- Directed by: Johannes Guter
- Written by: Paul Frank; Billy Wilder;
- Produced by: Bruno Duday
- Starring: Johannes Riemann; Maria Paudler; Gustav Waldau;
- Cinematography: Constantin Mick
- Edited by: Carl Hoffmann
- Music by: Norbert Glanzberg
- Production company: UFA
- Distributed by: UFA
- Release date: 27 March 1931;
- Running time: 85 minutes
- Country: Germany
- Language: German

= The Wrong Husband =

1931 film directed by Johannes Guter

The Wrong Husband (German: Der falsche Ehemann) is a 1931 German comedy film directed by Johannes Guter and starring Johannes Riemann, Maria Paudler and Gustav Waldau. It was shot at the Babelsberg Studios in Berlin and on location in Saint Moritz. The film's sets were designed by the art directors Robert Herlth and Walter Röhrig. The future director Billy Wilder worked on the film's screenplay.

==Synopsis==
Peter and Paul Hanneman are identical twin brothers with very different personalities. Peter is a manufacturer of sleeping pills, whose marriage to Ruth is under strain and whose business is struggling due to his reserved manner. His hyper-energetic brother Paul decides to help him out by taking his place for a while. This leads to a series of misunderstandings and confusions both with Ruth and with Paul's girlfriend Ines. Paul decides to replace the sleeping medicine and being producing a new invigorating drug.
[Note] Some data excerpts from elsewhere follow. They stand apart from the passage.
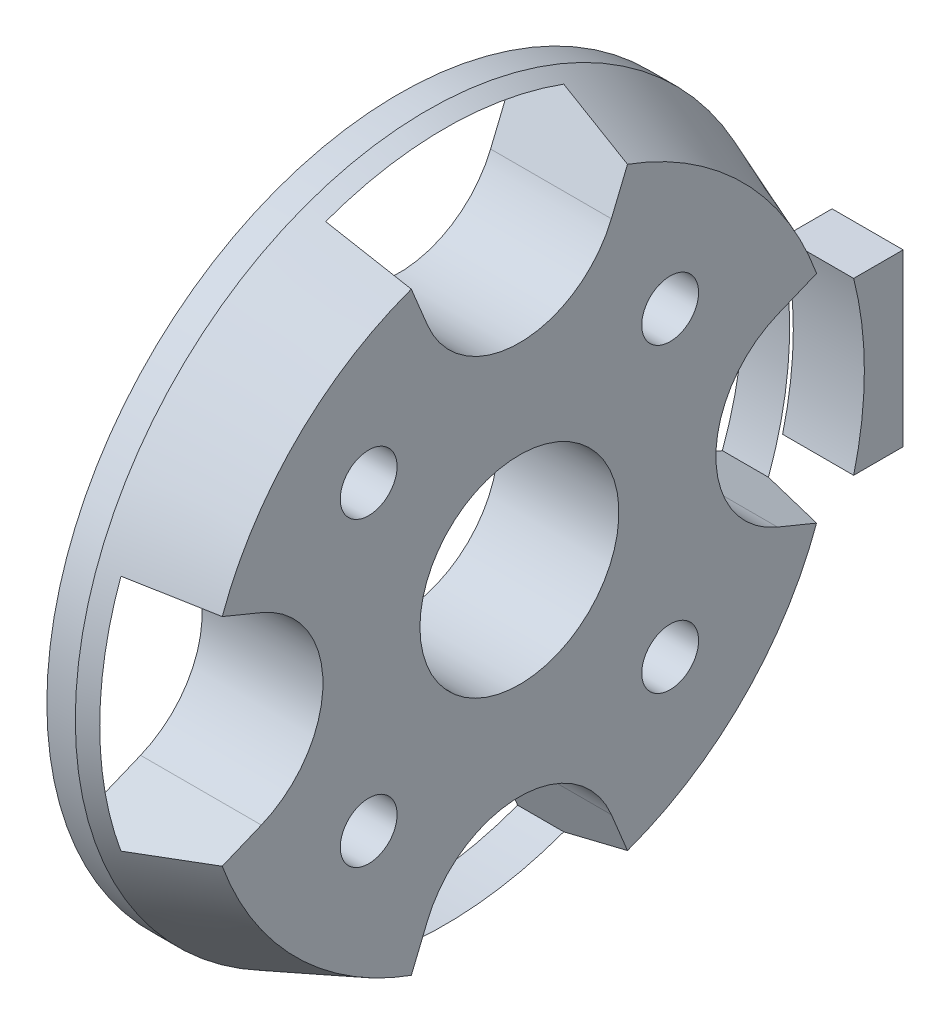
ISO-10303-21;
HEADER;
FILE_DESCRIPTION(('STEP AP214'),'2;1');
FILE_NAME('part.step','',(''),(''),'','','');
FILE_SCHEMA(('AUTOMOTIVE_DESIGN { 1 0 10303 214 1 1 1 1 }'));
ENDSEC;
DATA;
#1=APPLICATION_CONTEXT('core data for automotive mechanical design processes');
#2=APPLICATION_PROTOCOL_DEFINITION('international standard','automotive_design',2000,#1);
#3=PRODUCT_CONTEXT('',#1,'mechanical');
#4=PRODUCT('Part','Part','',(#3));
#5=PRODUCT_RELATED_PRODUCT_CATEGORY('part','',(#4));
#6=PRODUCT_DEFINITION_FORMATION('','',#4);
#7=PRODUCT_DEFINITION_CONTEXT('part definition',#1,'design');
#8=PRODUCT_DEFINITION('design','',#6,#7);
#9=PRODUCT_DEFINITION_SHAPE('','',#8);
#10=(LENGTH_UNIT() NAMED_UNIT(*) SI_UNIT(.MILLI.,.METRE.));
#11=(NAMED_UNIT(*) PLANE_ANGLE_UNIT() SI_UNIT($,.RADIAN.));
#12=(NAMED_UNIT(*) SI_UNIT($,.STERADIAN.) SOLID_ANGLE_UNIT());
#13=UNCERTAINTY_MEASURE_WITH_UNIT(LENGTH_MEASURE(1.E-05),#10,'distance_accuracy_value','');
#14=(GEOMETRIC_REPRESENTATION_CONTEXT(3) GLOBAL_UNCERTAINTY_ASSIGNED_CONTEXT((#13)) GLOBAL_UNIT_ASSIGNED_CONTEXT((#10,
#11,#12)) REPRESENTATION_CONTEXT('',''));
#15=CARTESIAN_POINT('',(0.,0.,0.));
#16=DIRECTION('',(0.,0.,1.));
#17=DIRECTION('',(1.,0.,0.));
#18=AXIS2_PLACEMENT_3D('',#15,#16,#17);
#19=CARTESIAN_POINT('',(0.,7.,0.));
#20=DIRECTION('',(1.,0.,0.));
#21=DIRECTION('',(0.,0.,-1.));
#22=AXIS2_PLACEMENT_3D('',#19,#20,#21);
#23=PLANE('',#22);
#24=DIRECTION('',(0.,0.38090446323325,-0.9246144006498));
#25=VECTOR('',#24,1.);
#26=CARTESIAN_POINT('',(0.,-7.60601927752442,20.909590401295));
#27=LINE('',#26,#25);
#28=CARTESIAN_POINT('',(0.,-8.37682312071493,22.7806536265471));
#29=VERTEX_POINT('',#28);
#30=CARTESIAN_POINT('',(0.,-6.47230080454868,18.1575816232981));
#31=VERTEX_POINT('',#30);
#32=EDGE_CURVE('E302',#29,#31,#27,.T.);
#33=ORIENTED_EDGE('',*,*,#32,.T.);
#34=CARTESIAN_POINT('',(0.,0.,20.8239128659309));
#35=DIRECTION('',(1.,0.,0.));
#36=DIRECTION('',(0.,1.,0.));
#37=AXIS2_PLACEMENT_3D('',#34,#35,#36);
#38=CIRCLE('',#37,7.);
#39=CARTESIAN_POINT('',(0.,6.47230080454855,18.1575816232982));
#40=VERTEX_POINT('',#39);
#41=EDGE_CURVE('E123',#31,#40,#38,.T.);
#42=ORIENTED_EDGE('',*,*,#41,.T.);
#43=DIRECTION('',(0.,0.380904463233244,0.924614400649803));
#44=VECTOR('',#43,1.);
#45=CARTESIAN_POINT('',(0.,6.47230080454855,18.1575816232982));
#46=LINE('',#45,#44);
#47=CARTESIAN_POINT('',(0.,8.37682312071477,22.7806536265472));
#48=VERTEX_POINT('',#47);
#49=EDGE_CURVE('E305',#40,#48,#46,.T.);
#50=ORIENTED_EDGE('',*,*,#49,.T.);
#51=CARTESIAN_POINT('',(0.,0.,0.));
#52=DIRECTION('',(1.,0.,0.));
#53=DIRECTION('',(0.,1.,0.));
#54=AXIS2_PLACEMENT_3D('',#51,#52,#53);
#55=CIRCLE('',#54,24.2719868417989);
#56=EDGE_CURVE('E257',#48,#29,#55,.T.);
#57=ORIENTED_EDGE('',*,*,#56,.T.);
#58=EDGE_LOOP('',(#33,#42,#50,#57));
#59=FACE_BOUND('',#58,.T.);
#60=DIRECTION('',(0.,0.924614400649802,0.380904463233247));
#61=VECTOR('',#60,1.);
#62=CARTESIAN_POINT('',(0.,-20.909590401295,-7.60601927752435));
#63=LINE('',#62,#61);
#64=CARTESIAN_POINT('',(0.,-22.7806536265472,-8.37682312071485));
#65=VERTEX_POINT('',#64);
#66=CARTESIAN_POINT('',(0.,-18.1575816232982,-6.47230080454862));
#67=VERTEX_POINT('',#66);
#68=EDGE_CURVE('E290',#65,#67,#63,.T.);
#69=ORIENTED_EDGE('',*,*,#68,.T.);
#70=CARTESIAN_POINT('',(0.,-20.8239128659309,0.));
#71=DIRECTION('',(1.,0.,0.));
#72=DIRECTION('',(0.,0.,1.));
#73=AXIS2_PLACEMENT_3D('',#70,#71,#72);
#74=CIRCLE('',#73,7.);
#75=CARTESIAN_POINT('',(0.,-18.1575816232982,6.47230080454861));
#76=VERTEX_POINT('',#75);
#77=EDGE_CURVE('E288',#67,#76,#74,.T.);
#78=ORIENTED_EDGE('',*,*,#77,.T.);
#79=DIRECTION('',(0.,-0.924614400649801,0.380904463233247));
#80=VECTOR('',#79,1.);
#81=CARTESIAN_POINT('',(0.,-18.1575816232982,6.47230080454861));
#82=LINE('',#81,#80);
#83=CARTESIAN_POINT('',(0.,-22.7806536265472,8.37682312071485));
#84=VERTEX_POINT('',#83);
#85=EDGE_CURVE('E275',#76,#84,#82,.T.);
#86=ORIENTED_EDGE('',*,*,#85,.T.);
#87=CARTESIAN_POINT('',(0.,0.,0.));
#88=DIRECTION('',(1.,0.,0.));
#89=DIRECTION('',(0.,0.,1.));
#90=AXIS2_PLACEMENT_3D('',#87,#88,#89);
#91=CIRCLE('',#90,24.2719868417989);
#92=EDGE_CURVE('E263',#84,#65,#91,.T.);
#93=ORIENTED_EDGE('',*,*,#92,.T.);
#94=EDGE_LOOP('',(#69,#78,#86,#93));
#95=FACE_BOUND('',#94,.T.);
#96=DIRECTION('',(0.,-0.380904463233256,0.924614400649798));
#97=VECTOR('',#96,1.);
#98=CARTESIAN_POINT('',(0.,7.60601927752457,-20.9095904012949));
#99=LINE('',#98,#97);
#100=CARTESIAN_POINT('',(0.,8.37682312071509,-22.7806536265471));
#101=VERTEX_POINT('',#100);
#102=CARTESIAN_POINT('',(0.,6.4723008045488,-18.1575816232981));
#103=VERTEX_POINT('',#102);
#104=EDGE_CURVE('E274',#101,#103,#99,.T.);
#105=ORIENTED_EDGE('',*,*,#104,.T.);
#106=CARTESIAN_POINT('',(0.,2.18118909519279E-13,-20.8239128659309));
#107=DIRECTION('',(1.,0.,0.));
#108=DIRECTION('',(0.,-1.,0.));
#109=AXIS2_PLACEMENT_3D('',#106,#107,#108);
#110=CIRCLE('',#109,7.);
#111=CARTESIAN_POINT('',(0.,-6.47230080454842,-18.1575816232982));
#112=VERTEX_POINT('',#111);
#113=EDGE_CURVE('E508',#103,#112,#110,.T.);
#114=ORIENTED_EDGE('',*,*,#113,.T.);
#115=DIRECTION('',(0.,-0.380904463233238,-0.924614400649805));
#116=VECTOR('',#115,1.);
#117=CARTESIAN_POINT('',(0.,-6.47230080454842,-18.1575816232982));
#118=LINE('',#117,#116);
#119=CARTESIAN_POINT('',(0.,-8.37682312071462,-22.7806536265473));
#120=VERTEX_POINT('',#119);
#121=EDGE_CURVE('E513',#112,#120,#118,.T.);
#122=ORIENTED_EDGE('',*,*,#121,.T.);
#123=CARTESIAN_POINT('',(0.,0.,0.));
#124=DIRECTION('',(1.,0.,0.));
#125=DIRECTION('',(0.,-1.,0.));
#126=AXIS2_PLACEMENT_3D('',#123,#124,#125);
#127=CIRCLE('',#126,24.2719868417989);
#128=EDGE_CURVE('E509',#120,#101,#127,.T.);
#129=ORIENTED_EDGE('',*,*,#128,.T.);
#130=EDGE_LOOP('',(#105,#114,#122,#129));
#131=FACE_BOUND('',#130,.T.);
#132=DIRECTION('',(0.,-0.924614400649802,-0.380904463233247));
#133=VECTOR('',#132,1.);
#134=CARTESIAN_POINT('',(0.,20.909590401295,7.60601927752435));
#135=LINE('',#134,#133);
#136=CARTESIAN_POINT('',(0.,22.7806536265472,8.37682312071485));
#137=VERTEX_POINT('',#136);
#138=CARTESIAN_POINT('',(0.,18.1575816232982,6.47230080454862));
#139=VERTEX_POINT('',#138);
#140=EDGE_CURVE('E512',#137,#139,#135,.T.);
#141=ORIENTED_EDGE('',*,*,#140,.T.);
#142=CARTESIAN_POINT('',(0.,20.8239128659309,0.));
#143=DIRECTION('',(1.,0.,0.));
#144=DIRECTION('',(0.,0.,-1.));
#145=AXIS2_PLACEMENT_3D('',#142,#143,#144);
#146=CIRCLE('',#145,7.);
#147=CARTESIAN_POINT('',(0.,18.1575816232982,-6.47230080454861));
#148=VERTEX_POINT('',#147);
#149=EDGE_CURVE('E880',#139,#148,#146,.T.);
#150=ORIENTED_EDGE('',*,*,#149,.T.);
#151=DIRECTION('',(0.,0.924614400649801,-0.380904463233247));
#152=VECTOR('',#151,1.);
#153=CARTESIAN_POINT('',(0.,18.1575816232982,-6.47230080454861));
#154=LINE('',#153,#152);
#155=CARTESIAN_POINT('',(0.,22.7806536265472,-8.37682312071485));
#156=VERTEX_POINT('',#155);
#157=EDGE_CURVE('E884',#148,#156,#154,.T.);
#158=ORIENTED_EDGE('',*,*,#157,.T.);
#159=CARTESIAN_POINT('',(0.,0.,0.));
#160=DIRECTION('',(1.,0.,0.));
#161=DIRECTION('',(0.,0.,-1.));
#162=AXIS2_PLACEMENT_3D('',#159,#160,#161);
#163=CIRCLE('',#162,24.2719868417989);
#164=EDGE_CURVE('E401',#156,#137,#163,.T.);
#165=ORIENTED_EDGE('',*,*,#164,.T.);
#166=EDGE_LOOP('',(#141,#150,#158,#165));
#167=FACE_BOUND('',#166,.T.);
#168=CARTESIAN_POINT('',(0.,0.,0.));
#169=DIRECTION('',(-1.,0.,0.));
#170=DIRECTION('',(0.,0.,1.));
#171=AXIS2_PLACEMENT_3D('',#168,#169,#170);
#172=CIRCLE('',#171,7.);
#173=CARTESIAN_POINT('',(0.,0.,7.));
#174=VERTEX_POINT('',#173);
#175=EDGE_CURVE('E408',#174,#174,#172,.T.);
#176=ORIENTED_EDGE('',*,*,#175,.F.);
#177=EDGE_LOOP('',(#176));
#178=FACE_BOUND('',#177,.T.);
#179=CARTESIAN_POINT('',(0.,0.,0.));
#180=DIRECTION('',(-1.,0.,0.));
#181=DIRECTION('',(0.,0.,1.));
#182=AXIS2_PLACEMENT_3D('',#179,#180,#181);
#183=CIRCLE('',#182,24.75);
#184=CARTESIAN_POINT('',(0.,0.,24.75));
#185=VERTEX_POINT('',#184);
#186=EDGE_CURVE('E395',#185,#185,#183,.T.);
#187=ORIENTED_EDGE('',*,*,#186,.T.);
#188=EDGE_LOOP('',(#187));
#189=FACE_BOUND('',#188,.T.);
#190=ADVANCED_FACE('F119',(#59,#95,#131,#167,#178,#189),#23,.F.);
#191=CARTESIAN_POINT('',(0.,0.,0.));
#192=DIRECTION('',(-1.,0.,0.));
#193=DIRECTION('',(0.,0.,1.));
#194=AXIS2_PLACEMENT_3D('',#191,#192,#193);
#195=CYLINDRICAL_SURFACE('',#194,24.75);
#196=ORIENTED_EDGE('',*,*,#186,.F.);
#197=EDGE_LOOP('',(#196));
#198=FACE_BOUND('',#197,.T.);
#199=CARTESIAN_POINT('',(2.,0.,0.));
#200=DIRECTION('',(-1.,0.,0.));
#201=DIRECTION('',(0.,0.,1.));
#202=AXIS2_PLACEMENT_3D('',#199,#200,#201);
#203=CIRCLE('',#202,24.75);
#204=CARTESIAN_POINT('',(2.,0.,24.75));
#205=VERTEX_POINT('',#204);
#206=EDGE_CURVE('E398',#205,#205,#203,.T.);
#207=ORIENTED_EDGE('',*,*,#206,.T.);
#208=EDGE_LOOP('',(#207));
#209=FACE_BOUND('',#208,.T.);
#210=ADVANCED_FACE('F383',(#198,#209),#195,.T.);
#211=CARTESIAN_POINT('',(8.5,0.,0.));
#212=DIRECTION('',(-1.,0.,0.));
#213=DIRECTION('',(0.,0.,1.));
#214=AXIS2_PLACEMENT_3D('',#211,#212,#213);
#215=CONICAL_SURFACE('',#214,22.25,0.367173833818219);
#216=CARTESIAN_POINT('',(8.5,0.,0.));
#217=DIRECTION('',(-1.,0.,0.));
#218=DIRECTION('',(0.,0.,1.));
#219=AXIS2_PLACEMENT_3D('',#216,#217,#218);
#220=CIRCLE('',#219,22.25);
#221=CARTESIAN_POINT('',(8.5,-20.909590401295,7.60601927752435));
#222=VERTEX_POINT('',#221);
#223=CARTESIAN_POINT('',(8.5,-7.60601927752443,20.909590401295));
#224=VERTEX_POINT('',#223);
#225=EDGE_CURVE('E337',#222,#224,#220,.T.);
#226=ORIENTED_EDGE('',*,*,#225,.T.);
#227=CARTESIAN_POINT('',(8.5002,-7.60598995144667,20.9095192146421));
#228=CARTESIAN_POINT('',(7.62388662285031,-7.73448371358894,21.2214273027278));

The Argentine millionaire Hardegg, the father of ines, kidnaps Peter who he mistakes for Paul and brings him to a Swiss ski resort to make him marry his daughter.

==Cast==
- Johannes Riemann as Peter and Paul Hanneman
- Maria Paudler as Ruth, Peters Frau
- Gustav Waldau as H.H. Hardegg aus Buenos Aires
- Jessie Vihrog as Ines Hardegg, seine Tochter
- Tibor Halmay as Maxim Tartakoff
- Martha Ziegler as Fräulein Schulze, Sekretärin
- Fritz Strehlen as Ein Maharadscha
- Klaus Pohl
- Fred Kassen as Singer: Einmal wird dein Herzchen dir gehören
- Comedian Harmonists as Themselves

==Bibliography==
- Klaus, Ulrich J. Deutsche Tonfilme: Jahrgang 1931. Klaus-Archiv, 2006.
- Sikov, Ed. On Sunset Boulevard: The Life and Times of Billy Wilder. Hyperion, 1999.